Le quotidien de Québec, Le Canadien, du 13 novembre 1880, semble manifestement lui donner raison. Extraits d’un article qu’on intitule «Le jeu national de la Chine».
Si vous allez, au jour fixé, à la porte nord-est de Canton et que vous jetiez un coup d’œil sur le champ voisin, vous y verrez une animation extraordinaire; des groupes de Chinois se pressent dans des baraques élevées sur le terrain; au milieu de la populace, on remarque des hommes d’un rang élevé, des officiers tartares, et même des mandarins.
C’est le turf; c’est Epsom; c’est le derby.
Voici l’enceinte; voici le pesage; voici les «book-markers» et les parieurs; enfin, voici les combattants. On les apporte dans des écuelles de terre recouvertes d’un linge; ce sont de fiers grillons entraînés à la lutte et qui représentent des centaines de dollars engagés sur leur vaillance.
On les promène au pesage et, pendant ce temps, on établit les cotes, on inscrit les paris; tel est le favori, tel est discuté. Enfin, les juges s’assemblent dans les tribunes; deux hommes s’avancent, tenant chacun un petit bol à la main; ce sont les propriétaires des grillons engagés. On les met alors face à face et cornes à cornes dans une écuelle qui représente l’arène. «Laissez aller» crie le président et le combat commence.
Les grillons font d’abord le tour de la lice en sens inverse et, après cette parade, ils fondent l’un sur l’autre avec une impétuosité telle que le premier choc les jette souvent tous deux sur le dos. Alors leurs propriétaires, armés de petites baguettes, les excitent de nouveau, et la lutte s’engage acharnée, furieuse. Il n’est pas rare que les belligérants y laissent patte ou aile.
Si l’un des champions se dérobe et refuse trois fois le combat, il est déclaré vaincu. Les vainqueurs sont portés en triomphe par leurs possesseurs, et quand ils meurent (la vie d’un grillon ne compte guère plus de cent trente jours), on les ensevelit dans de petits cercueils d’argent et on les enterre secrètement sur les collines.
C’est là qu’à la saison prochaine, on ira chercher de nouveaux combattants, car on suppose que l’esprit des grillons victorieux passera dans le corps de leurs successeurs.
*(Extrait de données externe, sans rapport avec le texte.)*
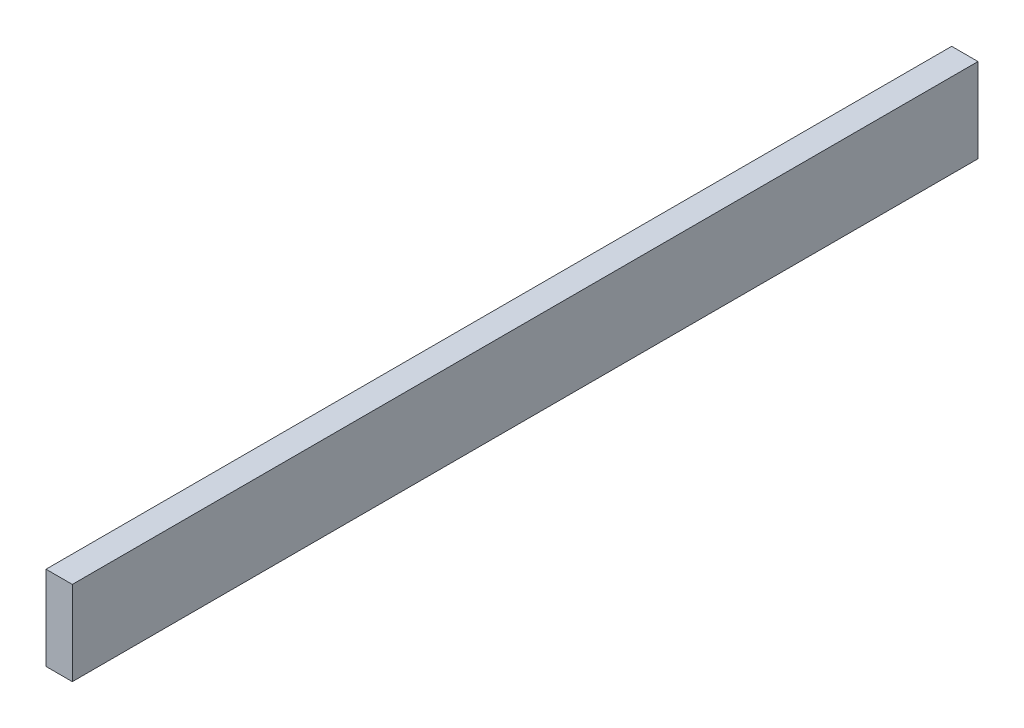
from build123d import *

# Parameters (mm, degrees)
CROQUIS_FALDON_W   = 25
CROQUIS_FALDON_H   = 860
FALDON_CORTO_DEPTH = 80


with BuildPart() as part:
    # Croquis_faldon → Faldon_corto (new body)
    with BuildSketch(Plane(origin=(0, 0, 0), x_dir=(1, 0, 0), z_dir=(0, 1, 0))):
        Rectangle(CROQUIS_FALDON_W, CROQUIS_FALDON_H)
    extrude(amount=FALDON_CORTO_DEPTH)


solid = part.part

Pendant la guerre de 1857, un capitaine de vaisseau, qui s’était embossé à Whampoa pour bloquer la rivière, apercevant sur les collines une troupe de Chinois qu’il prit pour des assaillants, fit mettre à terre une troupe de débarquement qui se dirigea vers les agresseurs supposés.
Ceux-ci étaient armés, comme c’est l’usage des Chinois la nuit, et ils portaient des lanternes. On se tira des coups de feu et il y eut des blessés de part et d’autre. Mais lorsqu’on en vint aux mains, le capitaine, grièvement blessé lui-même, reconnut qu’il avait à faire à des villageois parcourant nuitamment les collines à la recherche de leurs insectes de sport.